One of the strategies currently pursued by the Vietnamese government is to join forces with Thailand, despite it not being a TPP country. Both countries are looking at deepening their cooperation in order to strengthen their respective garment industries, better exploit the ASEAN market and increase their benefits once TPP comes into effect.
Firstly, Vietnam would to some degree benefit from a fully integrated vertical supply chain with Thailand in regards to sourcing. More importantly yet, the country’s nascent textile industry could learn from the higher knowledge level available in the Thai textile and garment industry, especially in the areas of yarn and fabric production, design activities and administration needed to build a fully integrated supply chain within Vietnam. Thailand on the other hand, not being part of TPP, sees its competitiveness waning and would like to get a foot in the door. At this stage, the best option for Thai textile manufacturers is to enhance cooperation with Vietnamese companies, moving production to Vietnam in order to enjoy TPP’s beneficial regulations.
A Vietnamese-Thai cooperation is thus a win-win situation for both countries. Last year, the trade turnover between the two countries reached 10 billion USD, realizing a year-on-year increase of 12.5 percent.
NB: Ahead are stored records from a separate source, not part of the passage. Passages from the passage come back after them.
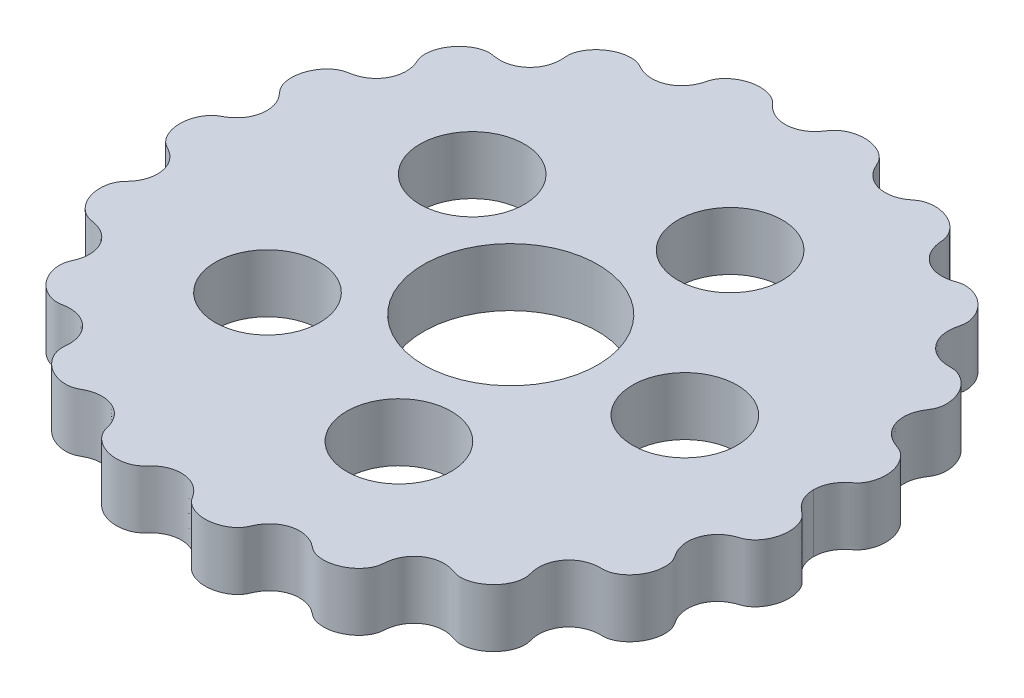
from build123d import *

# Parameters (mm, degrees)
BOSS_EXTRUDE1_START = 0.5
SKETCH1_R           = 7.5
SKETCH1_R_2         = 4.5
BOSS_EXTRUDE1_DEPTH = 5


with BuildPart() as part:
    # Sketch1 → Boss-Extrude1 (new body)
    with BuildSketch(Plane(origin=(0, 0, 0), x_dir=(1, 0, 0), z_dir=(0, 1, 0)).offset(BOSS_EXTRUDE1_START)):
        with BuildLine():
            add(Edge.make_bspline(
                [(26.100000001, 0), (26.100000001, -0.037654823), (26.101959838, -0.112657778), (26.110778914, -0.269126865), (26.134236474, -0.431457932), (26.169271903, -0.604227737), (26.215706935, -0.771665888), (26.2732951, -0.936077152), (26.341753555, -1.096140667), (26.42791585, -1.265624131), (26.534785055, -1.441856171), (26.699683699, -1.67031679), (26.901439537, -1.889875839), (27.124804262, -2.086960491), (27.362808408, -2.265185488), (27.541686596, -2.422902757), (27.696832367, -2.612532966), (27.831038284, -2.823925745), (27.942707415, -3.055157968), (28.03202713, -3.302051278), (28.113287071, -3.620150325), (28.164200717, -4.011385863), (28.158229713, -4.465911271), (28.068723695, -4.971978987), (27.92239684, -5.391891507), (27.752179239, -5.726439419), (27.579155333, -5.986088776), (27.422588117, -6.181127718), (27.208663225, -6.396612626), (26.970426875, -6.581500429), (26.704262294, -6.714420074), (26.426139512, -6.802056051), (26.208386955, -6.88526241), (25.996005014, -6.981754411), (25.792352169, -7.095680473), (25.506454674, -7.288419365), (25.166810016, -7.595932091), (24.823327667, -8.065640834), (24.573113299, -8.72284226), (24.513192387, -9.374110704), (24.595878356, -9.908866564), (24.732910005, -10.306165942), (24.863450158, -10.578322252), (24.983619743, -10.787813544), (25.118076956, -10.987994036), (25.243899655, -11.194436481), (25.335973849, -11.425133947), (25.399465389, -11.670686177), (25.434320143, -11.928228008), (25.441972483, -12.193681647), (25.418791023, -12.524941115), (25.342360013, -12.916594687), (25.191232071, -13.347764303), (24.944934542, -13.798710217), (24.636097612, -14.197365909), (24.319379047, -14.49299579), (24.014552178, -14.704170688), (23.744181638, -14.844097629), (23.521984724, -14.930759503), (23.295178334, -14.990896749), (23.066212193, -15.018050457), (22.836177534, -15.015427607), (22.60645362, -15.01876633), (22.377139997, -15.037432831), (22.149964766, -15.073477643), (21.901722716, -15.134262004), (21.63640528, -15.227464361), (21.285248205, -15.397408544), (20.867012032, -15.696199644), (20.457707614, -16.15442787), (20.167634199, -16.744097483), (20.040652676, -17.344074218), (20.044251146, -17.837567352), (20.101291606, -18.208300972), (20.178290253, -18.510160997), (20.237387066, -18.752911084), (20.254165851, -19.007094175), (20.236737197, -19.264546647), (20.175345509, -19.587685891), (20.045401482, -19.966212229), (19.825733649, -20.379092954), (19.503349148, -20.792215121), (19.125691798, -21.140607349), (18.706122195, -21.419205006), (18.312603135, -21.597813456), (17.95729147, -21.7007495), (17.659059083, -21.747208145), (17.425046357, -21.759337106), (17.196962801, -21.745982059), (16.978070969, -21.704489958), (16.767542661, -21.633081261), (16.557577445, -21.561231406), (16.343192492, -21.502693833), (16.125264663, -21.459296016), (15.796467785, -21.420434356), (15.354937396, -21.427964236), (14.788969176, -21.550301969), (14.15455542, -21.88057341), (13.666183717, -22.345893253), (13.336362649, -22.88226304), (13.173492136, -23.353715627), (13.104616128, -23.716957194), (13.076673276, -24.02279806), (13.057814189, -24.268242303), (12.998712206, -24.514111874), (12.903235056, -24.754151925), (12.744151814, -25.045309116), (12.499019902, -25.369043134), (12.155657151, -25.696338346), (11.704870213, -25.994619846), (11.211604108, -26.212225806), (10.68997676, -26.343697667), (10.221282682, -26.37756552), (9.820613034, -26.342575186), (9.498973158, -26.26665957), (9.255580912, -26.177092448), (9.029799659, -26.05655854), (8.831572762, -25.902571784), (8.58391576, -25.71111477), (8.264466121, -25.51104552), (7.810081456, -25.312340621), (7.205513819, -25.192791232), (6.550224924, -25.228730885), (5.971337018, -25.424349477), (5.536862389, -25.687803773), (5.245653307, -25.938729612), (5.055386261, -26.143844122), (4.899938262, -26.348212338), (4.774598738, -26.545523005), (4.664550041, -26.751857795), (4.569043476, -26.964881996), (4.476314366, -27.179586841), (4.353499791, -27.379281189), (4.203299856, -27.561863118), (4.032131292, -27.727950003), (3.79525899, -27.914521157), (3.482483914, -28.102825699), (3.089596665, -28.268830385), (2.604961188, -28.388334129), (2.095437226, -28.431200093), (1.573536083, -28.390048007), (1.119470453, -28.272805038), (0.751616161, -28.112409401), (0.4727867, -27.939857046), (0.273494127, -27.780889901), (0.100220004, -27.601224467), (-0.036900457, -27.400701128), (-0.167623208, -27.196704665), (-0.313051844, -27.002366981), (-0.512485215, -26.773835259), (-0.82522158, -26.489940267), (-1.286824513, -26.202366803), (-1.90652456, -26.003420899), (-2.599411552, -25.975353149), (-3.156761696, -26.100953574), (-3.565273795, -26.283242121), (-3.853430429, -26.463789354), (-4.04086224, -26.604608953), (-4.216144571, -26.760241463), (-4.380398314, -26.92724911), (-4.535647831, -27.102695562), (-4.7080389, -27.262129389), (-4.906562373, -27.395532872), (-5.122340191, -27.506639083), (-5.353111081, -27.594765526), (-5.595122061, -27.660809079), (-5.904112164, -27.714960075), (-6.280362612, -27.736643211), (-6.724192807, -27.701413515), (-7.222479813, -27.579956195), (-7.639241178, -27.403463388), (-7.974539318, -27.20159547), (-8.231562235, -27.001455404), (-8.420763278, -26.822438839), (-8.588375146, -26.628010192), (-8.72995142, -26.419225267), (-8.843841455, -26.197883212), (-8.918149441, -25.965106023), (-8.973095057, -25.727696563), (-9.043925472, -25.494305036), (-9.153099617, -25.209622768), (-9.306801805, -24.915867582), (-9.513499075, -24.623747571), (-9.839816184, -24.284860522), (-10.264400598, -23.977825959), (-10.829665694, -23.73805203), (-11.410498796, -23.660908882), (-11.87629172, -23.69638221), (-12.218754959, -23.773476834), (-12.444677349, -23.84513133), (-12.663781479, -23.935334112), (-12.876076728, -24.040286172), (-13.082031425, -24.157155246), (-13.298581127, -24.254322867), (-13.533913594, -24.317810826), (-13.780466914, -24.35378875), (-14.035834907, -24.361637388), (-14.296405869, -24.343065665), (-14.618522572, -24.288656576), (-14.994949775, -24.177456101), (-15.408578969, -23.98833338), (-15.837205257, -23.700628449), (-16.16490731, -23.393911292), (-16.404344734, -23.097848292), (-16.573318675, -22.829755719), (-16.687662049, -22.603571121), (-16.776686852, -22.372337621), (-16.837746076, -22.138542446), (-16.870186158, -21.9045043), (-16.866368415, -21.674536104), (-16.843233105, -21.446228653), (-16.832615307, -21.216921003), (-16.837266827, -20.987328792), (-16.860312682, -20.758768834), (-16.923293403, -20.419212422), (-17.071833991, -19.980587652), (-17.369040523, -19.477210915), (-17.874882375, -18.988476541), (-18.447970132, -18.67719025), (-19.027548133, -18.525710765), (-19.510111736, -18.503831617), (-19.876648139, -18.538267665), (-20.177623885, -18.593432706), (-20.42137194, -18.622411671), (-20.671244853, -18.609095567), (-20.920859774, -18.564988583), (-21.167935078, -18.490627654), (-21.4095885, -18.389962143), (-21.698210118, -18.235368531), (-22.02014446, -18.009296139), (-22.350982926, -17.698329853), (-22.663749807, -17.29065213), (-22.904833826, -16.843369276), (-23.047778376, -16.427343965), (-23.116267898, -16.057121475), (-23.132041389, -15.75076918), (-23.118687313, -15.513701439), (-23.079662445, -15.285779121), (-23.010740762, -15.071995011), (-22.917965638, -14.867945737), (-22.83178351, -14.661241535), (-22.759010837, -14.449176582), (-22.702274861, -14.232285466), (-22.657962991, -13.982307736), (-22.635886804, -13.699380389), (-22.650675117, -13.300053937), (-22.761871082, -12.783822482), (-23.029318636, -12.21492364), (-23.467562019, -11.712001704), (-23.923403017, -11.398122255), (-24.315464063, -11.222988994), (-24.609412241, -11.131419108), (-24.849484664, -11.076013531), (-25.092573068, -11.038656205), (-25.334505587, -10.990769991), (-25.569274268, -10.900544213), (-25.793687583, -10.779741828), (-26.00595477, -10.630692764), (-26.204437625, -10.457777096), (-26.430332209, -10.218351564), (-26.664824108, -9.899800806), (-26.878975385, -9.499593675), (-27.044436205, -9.01574461), (-27.129961923, -8.520121003), (-27.134474174, -8.0871314), (-27.084857153, -7.719810764), (-27.006013082, -7.425910719), (-26.920443462, -7.203342298), (-26.812236106, -6.99521479), (-26.678616217, -6.807274427), (-26.521312284, -6.639361313), (-26.367637465, -6.468593342), (-26.225484225, -6.287683037), (-26.097389186, -6.096643611), (-25.974680444, -5.876177314), (-25.864713462, -5.624531597), (-25.752433681, -5.264729725), (-25.681810261, -4.762581394), (-25.730997419, -4.146949182), (-25.961949285, -3.524047609), (-26.321265324, -3.010597952), (-26.690239717, -2.672986455), (-27.000992367, -2.462677557), (-27.274877294, -2.314024503), (-27.494163359, -2.194208061), (-27.693761752, -2.035785351), (-27.87238426, -1.849426066), (-28.029881681, -1.639477669), (-28.165833208, -1.41056993), (-28.278417605, -1.169112764), (-28.356850628, -0.949924532), (-28.409926509, -0.757383066), (-28.444786226, -0.594531067), (-28.467072671, -0.464613598), (-28.483773851, -0.334062838), (-28.494901548, -0.194206271), (-28.499073007, -0.086237954), (-28.499999999, -0.028769446), (-28.499999999, 0)],
                knots=[0.065357727, 0.065357727, 0.065357727, 0.065357727, 0.065357727, 0.066838802, 0.068319877, 0.069800952, 0.071282027, 0.072763102, 0.074244177, 0.075725252, 0.077206327, 0.079230954, 0.081255581, 0.085304836, 0.087329463, 0.08935409, 0.091378717, 0.093403344, 0.095635344, 0.097867345, 0.100099346, 0.102331347, 0.106795348, 0.11125935, 0.115505731, 0.119752112, 0.121875303, 0.123998494, 0.126121685, 0.128244875, 0.132212277, 0.134195978, 0.136179679, 0.13816338, 0.140147081, 0.142130782, 0.144114483, 0.149889299, 0.155664115, 0.161716618, 0.167769121, 0.171875721, 0.17392902, 0.17598232, 0.17803562, 0.18008892, 0.182142219, 0.184195519, 0.186452911, 0.188710303, 0.190967695, 0.193225087, 0.197739871, 0.202254655, 0.206449673, 0.210644692, 0.21483971, 0.216937219, 0.219034728, 0.220990732, 0.222946736, 0.22490274, 0.226858744, 0.228814748, 0.230770752, 0.232726756, 0.23468276, 0.237505487, 0.240328214, 0.245973668, 0.25207373, 0.258173791, 0.262418319, 0.266662848, 0.268785112, 0.270907376, 0.27302964, 0.275151904, 0.277414155, 0.279676405, 0.284200907, 0.288725408, 0.29324991, 0.297434601, 0.301619291, 0.305803982, 0.307896327, 0.309988673, 0.311878349, 0.313768025, 0.315657701, 0.317547377, 0.319437053, 0.32132673, 0.323216406, 0.325106082, 0.330697764, 0.336289446, 0.3427217, 0.349153953, 0.353337838, 0.357521724, 0.359613666, 0.361705609, 0.363797552, 0.365889495, 0.368183967, 0.37047844, 0.375067386, 0.379656332, 0.384245278, 0.388791482, 0.393337686, 0.39788389, 0.400156991, 0.402430093, 0.404562559, 0.406695025, 0.408827491, 0.410959957, 0.415224889, 0.419489821, 0.425619329, 0.431748836, 0.43728204, 0.440048642, 0.442815244, 0.444803142, 0.446791041, 0.44877894, 0.450766838, 0.452754737, 0.454742636, 0.456730534, 0.458718433, 0.460783687, 0.462848941, 0.466979449, 0.471109956, 0.475240464, 0.479777245, 0.484314026, 0.488850807, 0.491119197, 0.493387587, 0.495450918, 0.497514249, 0.499577579, 0.50164091, 0.503704241, 0.505767572, 0.509894233, 0.515977148, 0.522060063, 0.527644163, 0.533228263, 0.535221378, 0.537214493, 0.539207608, 0.541200724, 0.543193839, 0.545186954, 0.54718007, 0.549173185, 0.551305995, 0.553438805, 0.555571614, 0.557704424, 0.561970044, 0.566235664, 0.570664673, 0.575093682, 0.577308187, 0.579522691, 0.581737196, 0.583951701, 0.586025843, 0.588099985, 0.590174127, 0.592248269, 0.594322411, 0.596396553, 0.600544837, 0.603500405, 0.606455973, 0.612367108, 0.61826056, 0.624154012, 0.626168793, 0.628183573, 0.630198354, 0.632213134, 0.634227915, 0.636242695, 0.638257476, 0.640272256, 0.642493095, 0.644713933, 0.646934771, 0.64915561, 0.653597287, 0.658038963, 0.662348161, 0.666657359, 0.668811958, 0.670966557, 0.673121156, 0.675275756, 0.677228627, 0.679181499, 0.681134371, 0.683087243, 0.685040114, 0.686992986, 0.688945858, 0.69089873, 0.696785964, 0.702673198, 0.708614477, 0.714555757, 0.718723943, 0.722892129, 0.724976222, 0.727060315, 0.729144408, 0.7312285, 0.733454223, 0.735679945, 0.737905667, 0.740131389, 0.744582833, 0.749034278, 0.753292913, 0.757551548, 0.761810184, 0.763939501, 0.766068819, 0.767975191, 0.769881564, 0.771787936, 0.773694308, 0.77560068, 0.777507052, 0.779413425, 0.781319797, 0.784235185, 0.787150573, 0.792981348, 0.799176944, 0.80537254, 0.809561259, 0.811655619, 0.813749979, 0.815844338, 0.817938698, 0.820033058, 0.822127418, 0.82436519, 0.826602962, 0.828840734, 0.831078507, 0.835554051, 0.840029596, 0.844222519, 0.848415442, 0.852608365, 0.854704826, 0.856801288, 0.858757317, 0.860713346, 0.862669375, 0.864625404, 0.866581433, 0.868537462, 0.870493491, 0.872449521, 0.875160805, 0.87787209, 0.883294658, 0.889615361, 0.895936064, 0.900181909, 0.904427753, 0.906550675, 0.908673598, 0.91079652, 0.912919442, 0.915182616, 0.91744579, 0.919708964, 0.921972138, 0.924235312, 0.925366899, 0.926498486, 0.927630073, 0.92876166, 0.929893247, 0.931024834, 0.931024834, 0.931024834, 0.931024834, 0.931024834], degree=4))
            add(Edge.make_bspline(
                [(26.100000001, 0), (26.100000001, 0.037557606), (26.101960172, 0.11236891), (26.110780761, 0.268515149), (26.13424132, 0.430312775), (26.169279567, 0.602699325), (26.215712536, 0.769655849), (26.273296838, 0.933610033), (26.34172375, 1.093214643), (26.427887255, 1.262171065), (26.534631095, 1.43795663), (26.66472128, 1.617457312), (26.820221458, 1.797178198), (26.990110155, 1.963295025), (27.170908295, 2.117246114), (27.359583137, 2.261393395), (27.534725755, 2.42249524), (27.68734562, 2.613319468), (27.819402466, 2.825437943), (27.929409737, 3.056775069), (28.017350198, 3.303529964), (28.097313972, 3.62117335), (28.147180391, 4.011594981), (28.14070842, 4.466301535), (28.050717292, 4.97349364), (27.882896183, 5.454979193), (27.671504475, 5.84304381), (27.443574661, 6.144857491), (27.22674656, 6.364817609), (27.040892978, 6.516562131), (26.843642224, 6.643249286), (26.635913668, 6.738215402), (26.419935905, 6.811078154), (26.206939903, 6.891943154), (25.999467089, 6.986584145), (25.799911288, 7.096971584), (25.514583785, 7.286926669), (25.171992169, 7.593045833), (24.825107804, 8.063163706), (24.5729884, 8.722990297), (24.513513946, 9.375105339), (24.596667178, 9.908457378), (24.733854448, 10.304635684), (24.864153794, 10.57617699), (24.983841337, 10.78526845), (25.116626146, 10.985976922), (25.23781854, 11.194548661), (25.326672131, 11.425792092), (25.387836907, 11.671325816), (25.420923383, 11.928463132), (25.427271397, 12.193315352), (25.402925967, 12.523691905), (25.325735566, 12.914209418), (25.174039331, 13.345327688), (24.926907332, 13.79725834), (24.616364755, 14.197845719), (24.29698117, 14.495520079), (23.989587623, 14.708050702), (23.718534776, 14.847912779), (23.497907731, 14.934027896), (23.274665325, 14.993741496), (23.051299597, 15.022739648), (22.826527034, 15.023767999), (22.602061074, 15.027768327), (22.378022274, 15.045955423), (22.15589886, 15.080417824), (21.828556405, 15.158511555), (21.409282012, 15.322259795), (20.924725716, 15.635210396), (20.456823885, 16.157829591), (20.166872697, 16.748469446), (20.041025765, 17.347126751), (20.045267093, 17.839438354), (20.102257892, 18.209228312), (20.177807446, 18.510727554), (20.231772918, 18.754068222), (20.244874723, 19.007789076), (20.225231154, 19.26440437), (20.174580684, 19.52116384), (20.09617018, 19.774796718), (19.967529458, 20.0808296), (19.769244222, 20.426950741), (19.488368581, 20.785956985), (19.112265891, 21.132969663), (18.695113942, 21.411025317), (18.304377275, 21.589914677), (17.951596369, 21.694385138), (17.597097582, 21.752232252), (17.30274789, 21.761285903), (17.01353957, 21.72416988), (16.741890872, 21.635235734), (16.525460698, 21.563366751), (16.30449365, 21.505143996), (16.079996624, 21.463086124), (15.830837481, 21.437177305), (15.558265867, 21.434810853), (15.186128323, 21.472203392), (14.696111953, 21.603682941), (14.145806733, 21.892344423), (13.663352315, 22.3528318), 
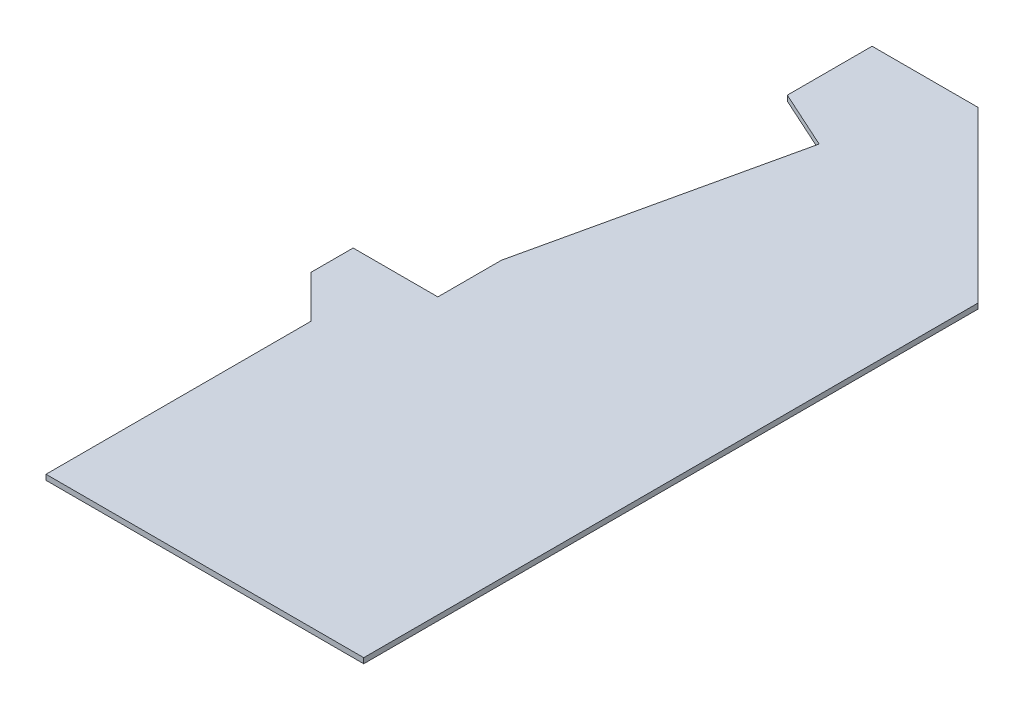
from build123d import *

# Parameters (mm, degrees)
BOSS_EXTRUDE1_DEPTH = 12.7


with BuildPart() as part:
    # Sketch1 → Boss-Extrude1 (new body)
    with BuildSketch(Plane(origin=(0, 0, 0), x_dir=(1, 0, 0), z_dir=(0, 1, 0))):
        Polygon((-108.53449825, -3.903212814), (-108.53449825, 1469.296787186), (-514.93449825, 1875.696787186), (-768.93449825, 1875.696787186), (-768.93449825, 1672.496787186), (-629.23449825, 1608.996787186), (-768.93449825, 986.696787186), (-768.93449825, 834.296787186), (-972.13449825, 834.296787186), (-972.13449825, 732.696787186), (-870.53449825, 631.096787186), (-870.53449825, -3.903212814), align=None)
    extrude(amount=BOSS_EXTRUDE1_DEPTH)


solid = part.part
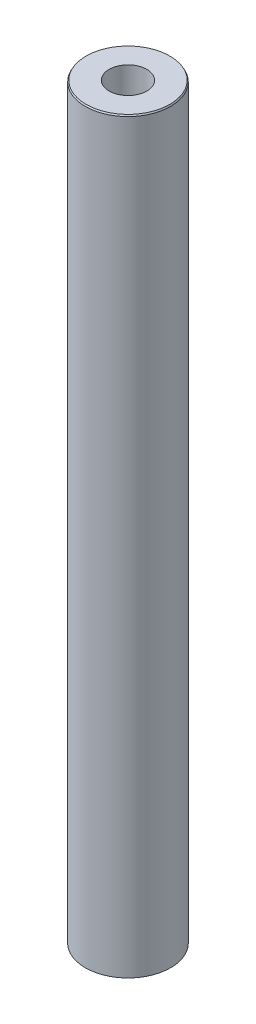
from build123d import *
from OCP.BRepFilletAPI import BRepFilletAPI_MakeChamfer

# Parameters (mm, degrees)
SKETCH1_R           = 10
BOSS_EXTRUDE1_DEPTH = 175.328501605
SKETCH2_R           = 4.413948399
CUT_EXTRUDE1_DEPTH  = 176.897934823
CHAMFER1_SIZE       = 0.323305587
CHAMFER1_SIZE2      = 0.186660568


with BuildPart() as part:
    # Sketch1 → Boss-Extrude1 (new body)
    with BuildSketch(Plane(origin=(0, 0, 0), x_dir=(1, 0, 0), z_dir=(0, 1, 0))):
        Circle(SKETCH1_R)
    extrude(amount=BOSS_EXTRUDE1_DEPTH)

    # Sketch2 → Cut-Extrude1 (cut, through all)
    with BuildSketch(Plane(origin=(0, 0, 0), x_dir=(1, 0, 0), z_dir=(0, 1, 0))):
        Circle(SKETCH2_R)
    extrude(amount=CUT_EXTRUDE1_DEPTH, mode=Mode.SUBTRACT)

    # Chamfer1: one chamfer whose edges measure the first distance from different faces: ONE call of the kernel's chamfer builder (chamfer() names one face for all edges)
    chamfer1_edges_1 = [part.edges().sort_by_distance(p)[0] for p in [
        (-10, 175.328501605, 0),
    ]]
    chamfer1_side_1 = [part.faces().sort_by_distance(p)[0] for p in [
        (-10, 87.664250803, 0),
    ]]
    chamfer1_edges_2 = [part.edges().sort_by_distance(p)[0] for p in [
        (-10, 0, 0),
    ]]
    chamfer1_side_2 = [part.faces().sort_by_distance(p)[0] for p in [
        (-9.717157288, 0, 0),
    ]]
    chamfer1 = BRepFilletAPI_MakeChamfer(part.part.solid().wrapped)
    for e in chamfer1_edges_1:
        chamfer1.Add(CHAMFER1_SIZE, CHAMFER1_SIZE2, e.wrapped, chamfer1_side_1[0].wrapped)  # the first distance lies on this face
    for e in chamfer1_edges_2:
        chamfer1.Add(CHAMFER1_SIZE, CHAMFER1_SIZE2, e.wrapped, chamfer1_side_2[0].wrapped)  # the first distance lies on this face
    add(Compound.cast(chamfer1.Shape()), mode=Mode.REPLACE)


solid = part.part

Overall, global apparel trade was estimated at 800 billion USD in 2014. 50 percent of global apparel production originated in Asia, the number will have risen by 10% in 2030.
BDS Insight: Being the only low cost Asian country joining the TPP, Vietnam enjoys a major advantage compared to its regional peers. The country is already popular with apparel producers due to its comparatively low labor costs and easily trained population. Under TPP, Vietnam is estimated to increase its global apparel market share by 6 to 7% until 2024.